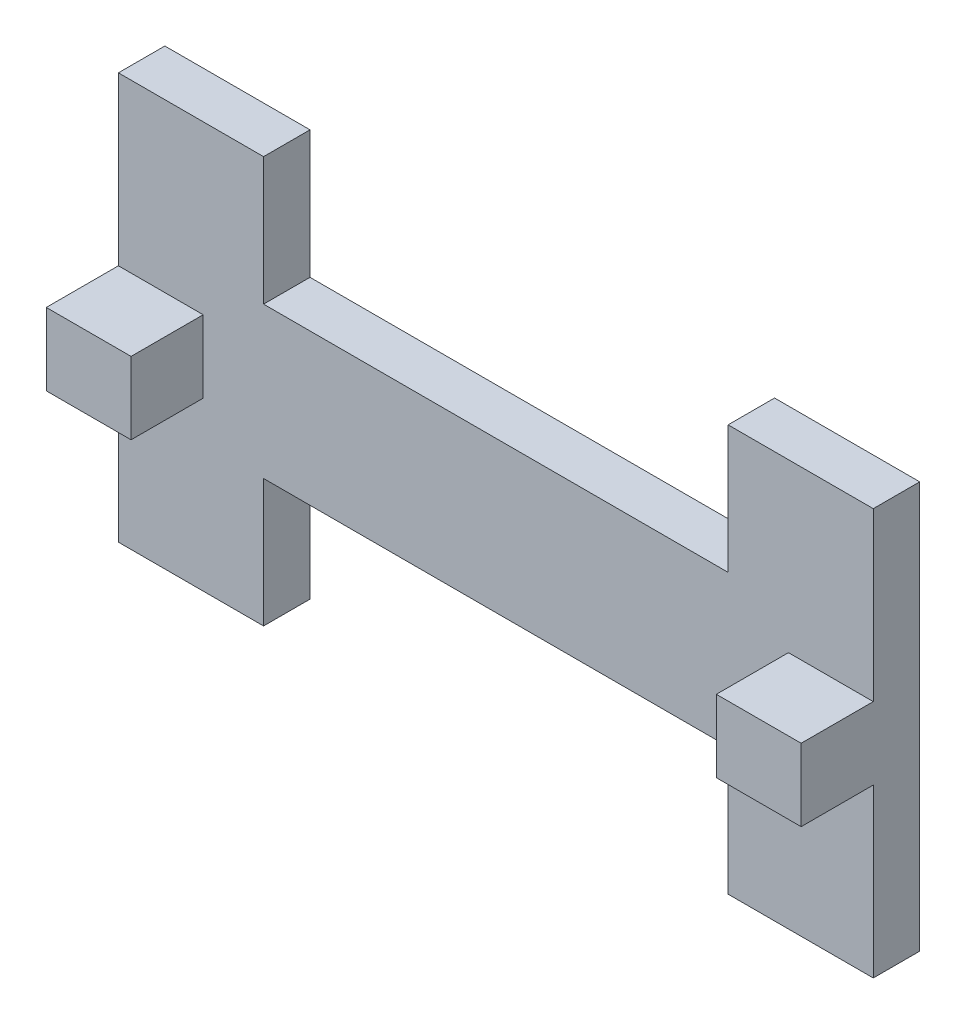
ISO-10303-21;
HEADER;
FILE_DESCRIPTION(('STEP AP214'),'2;1');
FILE_NAME('part.step','',(''),(''),'','','');
FILE_SCHEMA(('AUTOMOTIVE_DESIGN { 1 0 10303 214 1 1 1 1 }'));
ENDSEC;
DATA;
#1=APPLICATION_CONTEXT('core data for automotive mechanical design processes');
#2=APPLICATION_PROTOCOL_DEFINITION('international standard','automotive_design',2000,#1);
#3=PRODUCT_CONTEXT('',#1,'mechanical');
#4=PRODUCT('Part','Part','',(#3));
#5=PRODUCT_RELATED_PRODUCT_CATEGORY('part','',(#4));
#6=PRODUCT_DEFINITION_FORMATION('','',#4);
#7=PRODUCT_DEFINITION_CONTEXT('part definition',#1,'design');
#8=PRODUCT_DEFINITION('design','',#6,#7);
#9=PRODUCT_DEFINITION_SHAPE('','',#8);
#10=(LENGTH_UNIT() NAMED_UNIT(*) SI_UNIT(.MILLI.,.METRE.));
#11=(NAMED_UNIT(*) PLANE_ANGLE_UNIT() SI_UNIT($,.RADIAN.));
#12=(NAMED_UNIT(*) SI_UNIT($,.STERADIAN.) SOLID_ANGLE_UNIT());
#13=UNCERTAINTY_MEASURE_WITH_UNIT(LENGTH_MEASURE(1.E-05),#10,'distance_accuracy_value','');
#14=(GEOMETRIC_REPRESENTATION_CONTEXT(3) GLOBAL_UNCERTAINTY_ASSIGNED_CONTEXT((#13)) GLOBAL_UNIT_ASSIGNED_CONTEXT((#10,
#11,#12)) REPRESENTATION_CONTEXT('',''));
#15=CARTESIAN_POINT('',(0.,0.,0.));
#16=DIRECTION('',(0.,0.,1.));
#17=DIRECTION('',(1.,0.,0.));
#18=AXIS2_PLACEMENT_3D('',#15,#16,#17);
#19=CARTESIAN_POINT('',(101.385445296764,-16.3782409065663,-42.7492999345452));
#20=DIRECTION('',(1.,0.,0.));
#21=DIRECTION('',(0.,0.,-1.));
#22=AXIS2_PLACEMENT_3D('',#19,#20,#21);
#23=PLANE('',#22);
#24=DIRECTION('',(0.,1.,0.));
#25=VECTOR('',#24,1.);
#26=CARTESIAN_POINT('',(101.385445296764,-16.3782409065663,-34.7492999345452));
#27=LINE('',#26,#25);
#28=CARTESIAN_POINT('',(101.385445296764,-27.3782409065664,-34.7492999345452));
#29=VERTEX_POINT('',#28);
#30=CARTESIAN_POINT('',(101.385445296764,-5.37824090656635,-34.7492999345452));
#31=VERTEX_POINT('',#30);
#32=EDGE_CURVE('E11',#29,#31,#27,.T.);
#33=ORIENTED_EDGE('',*,*,#32,.T.);
#34=DIRECTION('',(0.,0.,1.));
#35=VECTOR('',#34,1.);
#36=CARTESIAN_POINT('',(101.385445296764,-5.37824090656634,-42.7492999345452));
#37=LINE('',#36,#35);
#38=CARTESIAN_POINT('',(101.385445296764,-5.37824090656634,-42.7492999345452));
#39=VERTEX_POINT('',#38);
#40=EDGE_CURVE('E24',#39,#31,#37,.T.);
#41=ORIENTED_EDGE('',*,*,#40,.F.);
#42=DIRECTION('',(0.,1.,0.));
#43=VECTOR('',#42,1.);
#44=CARTESIAN_POINT('',(101.385445296764,-16.3782409065663,-42.7492999345452));
#45=LINE('',#44,#43);
#46=CARTESIAN_POINT('',(101.385445296764,-27.3782409065664,-42.7492999345452));
#47=VERTEX_POINT('',#46);
#48=EDGE_CURVE('E307',#47,#39,#45,.T.);
#49=ORIENTED_EDGE('',*,*,#48,.F.);
#50=DIRECTION('',(0.,0.,1.));
#51=VECTOR('',#50,1.);
#52=CARTESIAN_POINT('',(101.385445296764,-27.3782409065664,-42.7492999345452));
#53=LINE('',#52,#51);
#54=EDGE_CURVE('E305',#47,#29,#53,.T.);
#55=ORIENTED_EDGE('',*,*,#54,.T.);
#56=EDGE_LOOP('',(#33,#41,#49,#55));
#57=FACE_BOUND('',#56,.T.);
#58=ADVANCED_FACE('F17',(#57),#23,.F.);
#59=CARTESIAN_POINT('',(81.3854452967644,-5.37824090656634,-42.7492999345452));
#60=DIRECTION('',(0.,1.,0.));
#61=DIRECTION('',(0.,0.,1.));
#62=AXIS2_PLACEMENT_3D('',#59,#60,#61);
#63=PLANE('',#62);
#64=DIRECTION('',(-1.,0.,0.));
#65=VECTOR('',#64,1.);
#66=CARTESIAN_POINT('',(81.3854452967644,-5.37824090656635,-34.7492999345452));
#67=LINE('',#66,#65);
#68=CARTESIAN_POINT('',(21.3854452967643,-5.37824090656635,-34.7492999345452));
#69=VERTEX_POINT('',#68);
#70=EDGE_CURVE('E303',#31,#69,#67,.T.);
#71=ORIENTED_EDGE('',*,*,#70,.T.);
#72=DIRECTION('',(0.,0.,1.));
#73=VECTOR('',#72,1.);
#74=CARTESIAN_POINT('',(21.3854452967643,-5.37824090656634,-42.7492999345452));
#75=LINE('',#74,#73);
#76=CARTESIAN_POINT('',(21.3854452967643,-5.37824090656634,-42.7492999345452));
#77=VERTEX_POINT('',#76);
#78=EDGE_CURVE('E300',#77,#69,#75,.T.);
#79=ORIENTED_EDGE('',*,*,#78,.F.);
#80=DIRECTION('',(-1.,0.,0.));
#81=VECTOR('',#80,1.);
#82=CARTESIAN_POINT('',(81.3854452967644,-5.37824090656634,-42.7492999345452));
#83=LINE('',#82,#81);
#84=EDGE_CURVE('E297',#39,#77,#83,.T.);
#85=ORIENTED_EDGE('',*,*,#84,.F.);
#86=ORIENTED_EDGE('',*,*,#40,.T.);
#87=EDGE_LOOP('',(#71,#79,#85,#86));
#88=FACE_BOUND('',#87,.T.);
#89=ADVANCED_FACE('F311',(#88),#63,.F.);
#90=CARTESIAN_POINT('',(81.3854452967644,20.6217590934336,-42.7492999345452));
#91=DIRECTION('',(0.,1.,0.));
#92=DIRECTION('',(0.,0.,1.));
#93=AXIS2_PLACEMENT_3D('',#90,#91,#92);
#94=PLANE('',#93);
#95=DIRECTION('',(-1.,0.,0.));
#96=VECTOR('',#95,1.);
#97=CARTESIAN_POINT('',(81.3854452967644,20.6217590934336,-34.7492999345452));
#98=LINE('',#97,#96);
#99=CARTESIAN_POINT('',(101.385445296764,20.6217590934336,-34.7492999345452));
#100=VERTEX_POINT('',#99);
#101=CARTESIAN_POINT('',(21.3854452967643,20.6217590934336,-34.7492999345452));
#102=VERTEX_POINT('',#101);
#103=EDGE_CURVE('E294',#100,#102,#98,.T.);
#104=ORIENTED_EDGE('',*,*,#103,.F.);
#105=DIRECTION('',(0.,0.,1.));
#106=VECTOR('',#105,1.);
#107=CARTESIAN_POINT('',(101.385445296764,20.6217590934336,-42.7492999345452));
#108=LINE('',#107,#106);
#109=CARTESIAN_POINT('',(101.385445296764,20.6217590934336,-42.7492999345452));
#110=VERTEX_POINT('',#109);
#111=EDGE_CURVE('E291',#110,#100,#108,.T.);
#112=ORIENTED_EDGE('',*,*,#111,.F.);
#113=DIRECTION('',(-1.,0.,0.));
#114=VECTOR('',#113,1.);
#115=CARTESIAN_POINT('',(81.3854452967644,20.6217590934336,-42.7492999345452));
#116=LINE('',#115,#114);
#117=CARTESIAN_POINT('',(21.3854452967643,20.6217590934336,-42.7492999345452));
#118=VERTEX_POINT('',#117);
#119=EDGE_CURVE('E289',#110,#118,#116,.T.);
#120=ORIENTED_EDGE('',*,*,#119,.T.);
#121=DIRECTION('',(0.,0.,1.));
#122=VECTOR('',#121,1.);
#123=CARTESIAN_POINT('',(21.3854452967643,20.6217590934336,-42.7492999345452));
#124=LINE('',#123,#122);
#125=EDGE_CURVE('E287',#118,#102,#124,.T.);
#126=ORIENTED_EDGE('',*,*,#125,.T.);
#127=EDGE_LOOP('',(#104,#112,#120,#126));
#128=FACE_BOUND('',#127,.T.);
#129=ADVANCED_FACE('F360',(#128),#94,.T.);
#130=CARTESIAN_POINT('',(101.385445296764,31.6217590934336,-42.7492999345451));
#131=DIRECTION('',(1.,0.,0.));
#132=DIRECTION('',(0.,0.,-1.));
#133=AXIS2_PLACEMENT_3D('',#130,#131,#132);
#134=PLANE('',#133);
#135=DIRECTION('',(0.,1.,0.));
#136=VECTOR('',#135,1.);
#137=CARTESIAN_POINT('',(101.385445296764,31.6217590934336,-34.7492999345451));
#138=LINE('',#137,#136);
#139=CARTESIAN_POINT('',(101.385445296764,42.6217590934337,-34.7492999345451));
#140=VERTEX_POINT('',#139);
#141=EDGE_CURVE('E285',#100,#140,#138,.T.);
#142=ORIENTED_EDGE('',*,*,#141,.T.);
#143=DIRECTION('',(0.,0.,1.));
#144=VECTOR('',#143,1.);
#145=CARTESIAN_POINT('',(101.385445296764,42.6217590934337,-42.7492999345451));
#146=LINE('',#145,#144);
#147=CARTESIAN_POINT('',(101.385445296764,42.6217590934337,-42.7492999345451));
#148=VERTEX_POINT('',#147);
#149=EDGE_CURVE('E282',#148,#140,#146,.T.);
#150=ORIENTED_EDGE('',*,*,#149,.F.);
#151=DIRECTION('',(0.,1.,0.));
#152=VECTOR('',#151,1.);
#153=CARTESIAN_POINT('',(101.385445296764,31.6217590934336,-42.7492999345451));
#154=LINE('',#153,#152);
#155=EDGE_CURVE('E279',#110,#148,#154,.T.);
#156=ORIENTED_EDGE('',*,*,#155,.F.);
#157=ORIENTED_EDGE('',*,*,#111,.T.);
#158=EDGE_LOOP('',(#142,#150,#156,#157));
#159=FACE_BOUND('',#158,.T.);
#160=ADVANCED_FACE('F364',(#159),#134,.F.);
#161=CARTESIAN_POINT('',(113.885445296764,42.6217590934337,-42.7492999345451));
#162=DIRECTION('',(0.,-1.,0.));
#163=DIRECTION('',(0.,0.,-1.));
#164=AXIS2_PLACEMENT_3D('',#161,#162,#163);
#165=PLANE('',#164);
#166=DIRECTION('',(1.,0.,0.));
#167=VECTOR('',#166,1.);
#168=CARTESIAN_POINT('',(113.885445296764,42.6217590934337,-34.7492999345451));
#169=LINE('',#168,#167);
#170=CARTESIAN_POINT('',(126.385445296764,42.6217590934337,-34.7492999345451));
#171=VERTEX_POINT('',#170);
#172=EDGE_CURVE('E277',#140,#171,#169,.T.);
#173=ORIENTED_EDGE('',*,*,#172,.T.);
#174=DIRECTION('',(0.,0.,1.));
#175=VECTOR('',#174,1.);
#176=CARTESIAN_POINT('',(126.385445296764,42.6217590934337,-42.7492999345451));
#177=LINE('',#176,#175);
#178=CARTESIAN_POINT('',(126.385445296764,42.6217590934337,-42.7492999345451));
#179=VERTEX_POINT('',#178);
#180=EDGE_CURVE('E274',#179,#171,#177,.T.);
#181=ORIENTED_EDGE('',*,*,#180,.F.);
#182=DIRECTION('',(1.,0.,0.));
#183=VECTOR('',#182,1.);
#184=CARTESIAN_POINT('',(113.885445296764,42.6217590934337,-42.7492999345451));
#185=LINE('',#184,#183);
#186=EDGE_CURVE('E271',#148,#179,#185,.T.);
#187=ORIENTED_EDGE('',*,*,#186,.F.);
#188=ORIENTED_EDGE('',*,*,#149,.T.);
#189=EDGE_LOOP('',(#173,#181,#187,#188));
#190=FACE_BOUND('',#189,.T.);
#191=ADVANCED_FACE('F370',(#190),#165,.F.);
#192=CARTESIAN_POINT('',(126.385445296764,-12.9889434065663,-42.7492999345452));
#193=DIRECTION('',(1.,0.,0.));
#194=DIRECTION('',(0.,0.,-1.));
------
Starting from the first line of the listing above, write out every line exactly through the one containing "#6=PRODUCT_DEFINITION_FORMATION('','',#4);", and drop the pictures.

ISO-10303-21;
HEADER;
FILE_DESCRIPTION(('STEP AP214'),'2;1');
FILE_NAME('part.step','',(''),(''),'','','');
FILE_SCHEMA(('AUTOMOTIVE_DESIGN { 1 0 10303 214 1 1 1 1 }'));
ENDSEC;
DATA;
#1=APPLICATION_CONTEXT('core data for automotive mechanical design processes');
#2=APPLICATION_PROTOCOL_DEFINITION('international standard','automotive_design',2000,#1);
#3=PRODUCT_CONTEXT('',#1,'mechanical');
#4=PRODUCT('Part','Part','',(#3));
#5=PRODUCT_RELATED_PRODUCT_CATEGORY('part','',(#4));
#6=PRODUCT_DEFINITION_FORMATION('','',#4);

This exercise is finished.